Launched in 1957 as the Nuova 500, the Fiat 500 was designed to be a cheap and practical town car to combat the high levels of congestion in Italian cities. Measuring only 2.97 m (9 ft 9 in) long and originally powered by a tiny 479 cc two-cylinder, air cooled engine, the 500 redefined the term "small car" and is considered one of the earliest city cars.
To meet the needs of the post-war market that wanted cars of low cost, the 500 was designed with a rear-engine based on the Volkswagen Beetle. Its success led to other car makers in Europe, such as Neckar of Germany and Steyr-Puch in Austria, to produce their own licensed versions of the Fiat 500.

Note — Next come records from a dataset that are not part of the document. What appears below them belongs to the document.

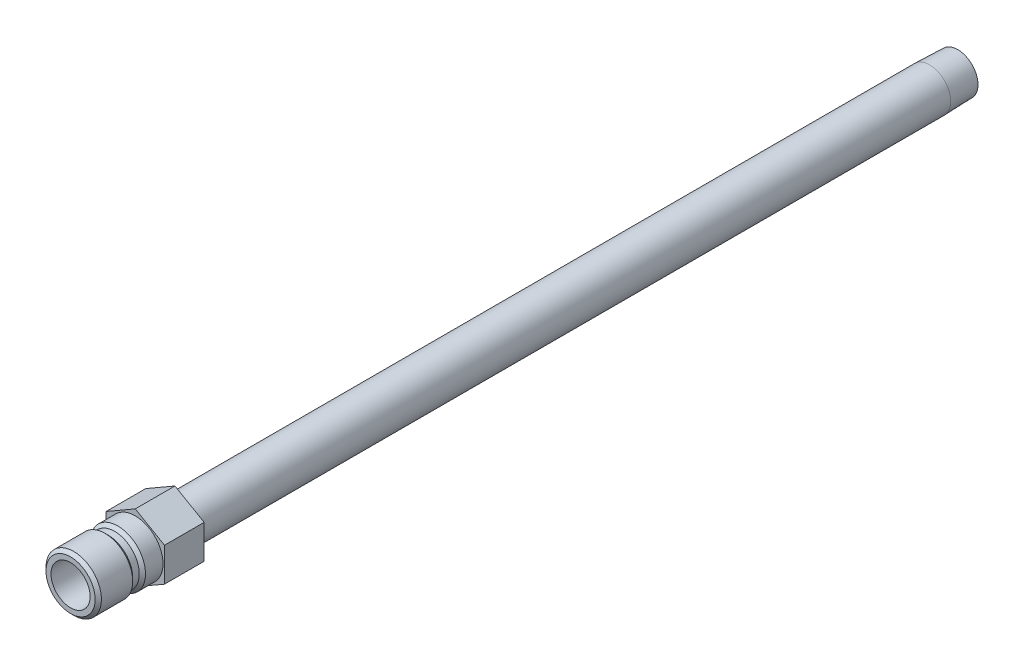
ISO-10303-21;
HEADER;
FILE_DESCRIPTION(('STEP AP214'),'2;1');
FILE_NAME('part.step','',(''),(''),'','','');
FILE_SCHEMA(('AUTOMOTIVE_DESIGN { 1 0 10303 214 1 1 1 1 }'));
ENDSEC;
DATA;
#1=APPLICATION_CONTEXT('core data for automotive mechanical design processes');
#2=APPLICATION_PROTOCOL_DEFINITION('international standard','automotive_design',2000,#1);
#3=PRODUCT_CONTEXT('',#1,'mechanical');
#4=PRODUCT('Part','Part','',(#3));
#5=PRODUCT_RELATED_PRODUCT_CATEGORY('part','',(#4));
#6=PRODUCT_DEFINITION_FORMATION('','',#4);
#7=PRODUCT_DEFINITION_CONTEXT('part definition',#1,'design');
#8=PRODUCT_DEFINITION('design','',#6,#7);
#9=PRODUCT_DEFINITION_SHAPE('','',#8);
#10=(LENGTH_UNIT() NAMED_UNIT(*) SI_UNIT(.MILLI.,.METRE.));
#11=(NAMED_UNIT(*) PLANE_ANGLE_UNIT() SI_UNIT($,.RADIAN.));
#12=(NAMED_UNIT(*) SI_UNIT($,.STERADIAN.) SOLID_ANGLE_UNIT());
#13=UNCERTAINTY_MEASURE_WITH_UNIT(LENGTH_MEASURE(1.E-05),#10,'distance_accuracy_value','');
#14=(GEOMETRIC_REPRESENTATION_CONTEXT(3) GLOBAL_UNCERTAINTY_ASSIGNED_CONTEXT((#13)) GLOBAL_UNIT_ASSIGNED_CONTEXT((#10,
#11,#12)) REPRESENTATION_CONTEXT('',''));
#15=CARTESIAN_POINT('',(0.,0.,0.));
#16=DIRECTION('',(0.,0.,1.));
#17=DIRECTION('',(1.,0.,0.));
#18=AXIS2_PLACEMENT_3D('',#15,#16,#17);
#19=CARTESIAN_POINT('',(0.,0.,-9.652));
#20=DIRECTION('',(0.,0.,-1.));
#21=DIRECTION('',(0.,1.,0.));
#22=AXIS2_PLACEMENT_3D('',#19,#20,#21);
#23=CYLINDRICAL_SURFACE('',#22,4.7625);
#24=CARTESIAN_POINT('',(0.,0.,3.556));
#25=DIRECTION('',(0.,0.,-1.));
#26=DIRECTION('',(0.,1.,0.));
#27=AXIS2_PLACEMENT_3D('',#24,#25,#26);
#28=CIRCLE('',#27,4.7625);
#29=CARTESIAN_POINT('',(0.,4.7625,3.556));
#30=VERTEX_POINT('',#29);
#31=EDGE_CURVE('E137',#30,#30,#28,.T.);
#32=ORIENTED_EDGE('',*,*,#31,.T.);
#33=EDGE_LOOP('',(#32));
#34=FACE_BOUND('',#33,.T.);
#35=CARTESIAN_POINT('',(0.,0.,15.748));
#36=DIRECTION('',(0.,0.,-1.));
#37=DIRECTION('',(0.,1.,0.));
#38=AXIS2_PLACEMENT_3D('',#35,#36,#37);
#39=CIRCLE('',#38,4.7625);
#40=CARTESIAN_POINT('',(0.,4.7625,15.748));
#41=VERTEX_POINT('',#40);
#42=EDGE_CURVE('E41',#41,#41,#39,.T.);
#43=ORIENTED_EDGE('',*,*,#42,.F.);
#44=EDGE_LOOP('',(#43));
#45=FACE_BOUND('',#44,.T.);
#46=ADVANCED_FACE('F33',(#34,#45),#23,.F.);
#47=CARTESIAN_POINT('',(0.,4.7625,15.748));
#48=DIRECTION('',(0.,0.,1.));
#49=DIRECTION('',(0.,-1.,0.));
#50=AXIS2_PLACEMENT_3D('',#47,#48,#49);
#51=PLANE('',#50);
#52=ORIENTED_EDGE('',*,*,#42,.T.);
#53=EDGE_LOOP('',(#52));
#54=FACE_BOUND('',#53,.T.);
#55=CARTESIAN_POINT('',(0.,0.,15.748));
#56=DIRECTION('',(0.,0.,-1.));
#57=DIRECTION('',(0.,1.,0.));
#58=AXIS2_PLACEMENT_3D('',#55,#56,#57);
#59=CIRCLE('',#58,5.9817);
#60=CARTESIAN_POINT('',(0.,5.9817,15.748));
#61=VERTEX_POINT('',#60);
#62=EDGE_CURVE('E175',#61,#61,#59,.T.);
#63=ORIENTED_EDGE('',*,*,#62,.F.);
#64=EDGE_LOOP('',(#63));
#65=FACE_BOUND('',#64,.T.);
#66=ADVANCED_FACE('F180',(#54,#65),#51,.T.);
#67=CARTESIAN_POINT('',(0.,0.,14.986));
#68=DIRECTION('',(0.,0.,-1.));
#69=DIRECTION('',(0.,1.,0.));
#70=AXIS2_PLACEMENT_3D('',#67,#68,#69);
#71=CONICAL_SURFACE('',#70,6.7437,0.785398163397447);
#72=ORIENTED_EDGE('',*,*,#62,.T.);
#73=EDGE_LOOP('',(#72));
#74=FACE_BOUND('',#73,.T.);
#75=CARTESIAN_POINT('',(0.,0.,14.986));
#76=DIRECTION('',(0.,0.,-1.));
#77=DIRECTION('',(0.,1.,0.));
#78=AXIS2_PLACEMENT_3D('',#75,#76,#77);
#79=CIRCLE('',#78,6.7437);
#80=CARTESIAN_POINT('',(0.,6.7437,14.986));
#81=VERTEX_POINT('',#80);
#82=EDGE_CURVE('E172',#81,#81,#79,.T.);
#83=ORIENTED_EDGE('',*,*,#82,.F.);
#84=EDGE_LOOP('',(#83));
#85=FACE_BOUND('',#84,.T.);
#86=ADVANCED_FACE('F188',(#74,#85),#71,.T.);
#87=CARTESIAN_POINT('',(0.,0.,-9.652));
#88=DIRECTION('',(0.,0.,-1.));
#89=DIRECTION('',(0.,1.,0.));
#90=AXIS2_PLACEMENT_3D('',#87,#88,#89);
#91=CYLINDRICAL_SURFACE('',#90,6.7437);
#92=ORIENTED_EDGE('',*,*,#82,.T.);
#93=EDGE_LOOP('',(#92));
#94=FACE_BOUND('',#93,.T.);
#95=CARTESIAN_POINT('',(0.,0.,7.366));
#96=DIRECTION('',(0.,0.,-1.));
#97=DIRECTION('',(0.,1.,0.));
#98=AXIS2_PLACEMENT_3D('',#95,#96,#97);
#99=CIRCLE('',#98,6.7437);
#100=CARTESIAN_POINT('',(0.,6.7437,7.366));
#101=VERTEX_POINT('',#100);
#102=EDGE_CURVE('E169',#101,#101,#99,.T.);
#103=ORIENTED_EDGE('',*,*,#102,.F.);
#104=EDGE_LOOP('',(#103));
#105=FACE_BOUND('',#104,.T.);
#106=ADVANCED_FACE('F237',(#94,#105),#91,.T.);
#107=CARTESIAN_POINT('',(0.,0.,6.604));
#108=DIRECTION('',(0.,0.,1.));
#109=DIRECTION('',(0.,-1.,0.));
#110=AXIS2_PLACEMENT_3D('',#107,#108,#109);
#111=CONICAL_SURFACE('',#110,5.9817,0.785398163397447);
#112=ORIENTED_EDGE('',*,*,#102,.T.);
#113=EDGE_LOOP('',(#112));
#114=FACE_BOUND('',#113,.T.);
#115=CARTESIAN_POINT('',(0.,0.,6.604));
#116=DIRECTION('',(0.,0.,-1.));
#117=DIRECTION('',(0.,1.,0.));
#118=AXIS2_PLACEMENT_3D('',#115,#116,#117);
#119=CIRCLE('',#118,5.9817);
#120=CARTESIAN_POINT('',(0.,5.9817,6.604));
#121=VERTEX_POINT('',#120);
#122=EDGE_CURVE('E166',#121,#121,#119,.T.);
#123=ORIENTED_EDGE('',*,*,#122,.F.);
#124=EDGE_LOOP('',(#123));
#125=FACE_BOUND('',#124,.T.);
#126=ADVANCED_FACE('F233',(#114,#125),#111,.T.);
#127=CARTESIAN_POINT('',(0.,0.,-9.652));
#128=DIRECTION('',(0.,0.,-1.));
#129=DIRECTION('',(0.,1.,0.));
#130=AXIS2_PLACEMENT_3D('',#127,#128,#129);
#131=CYLINDRICAL_SURFACE('',#130,5.9817);
#132=ORIENTED_EDGE('',*,*,#122,.T.);
#133=EDGE_LOOP('',(#132));
#134=FACE_BOUND('',#133,.T.);
#135=CARTESIAN_POINT('',(0.,0.,5.0165));
#136=DIRECTION('',(0.,0.,-1.));
#137=DIRECTION('',(0.,1.,0.));
#138=AXIS2_PLACEMENT_3D('',#135,#136,#137);
#139=CIRCLE('',#138,5.9817);
#140=CARTESIAN_POINT('',(0.,5.9817,5.0165));
#141=VERTEX_POINT('',#140);
#142=EDGE_CURVE('E163',#141,#141,#139,.T.);
#143=ORIENTED_EDGE('',*,*,#142,.F.);
#144=EDGE_LOOP('',(#143));
#145=FACE_BOUND('',#144,.T.);
#146=ADVANCED_FACE('F229',(#134,#145),#131,.T.);
#147=CARTESIAN_POINT('',(0.,0.,4.2545));
#148=DIRECTION('',(0.,0.,-1.));
#149=DIRECTION('',(0.,1.,0.));
#150=AXIS2_PLACEMENT_3D('',#147,#148,#149);
#151=CONICAL_SURFACE('',#150,6.7437,0.785398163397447);
#152=ORIENTED_EDGE('',*,*,#142,.T.);
#153=EDGE_LOOP('',(#152));
#154=FACE_BOUND('',#153,.T.);
#155=CARTESIAN_POINT('',(0.,0.,4.2545));
#156=DIRECTION('',(0.,0.,-1.));
#157=DIRECTION('',(0.,1.,0.));
#158=AXIS2_PLACEMENT_3D('',#155,#156,#157);
#159=CIRCLE('',#158,6.7437);
#160=CARTESIAN_POINT('',(0.,6.7437,4.2545));
#161=VERTEX_POINT('',#160);
#162=EDGE_CURVE('E160',#161,#161,#159,.T.);
#163=ORIENTED_EDGE('',*,*,#162,.F.);
#164=EDGE_LOOP('',(#163));
#165=FACE_BOUND('',#164,.T.);
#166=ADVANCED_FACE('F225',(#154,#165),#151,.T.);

Despite its small size, the 500 proved to be hugely popular and practical all over Europe. It was also sold as the "Giardiniera", or station wagon; this featured the standard engine laid on its side, the wheelbase extended by 10 cm (4 in) which made the rear seat usable, as well as a full-length sunroof and larger brakes sourced from the Fiat 600.
Production of the 500 ended in 1975, to be replaced by the Fiat 126 two years later. Although not as popular as the 500, the 126 has been very successful in the former Eastern Block countries, and is well known for its mechanical toughness and fuel efficiency.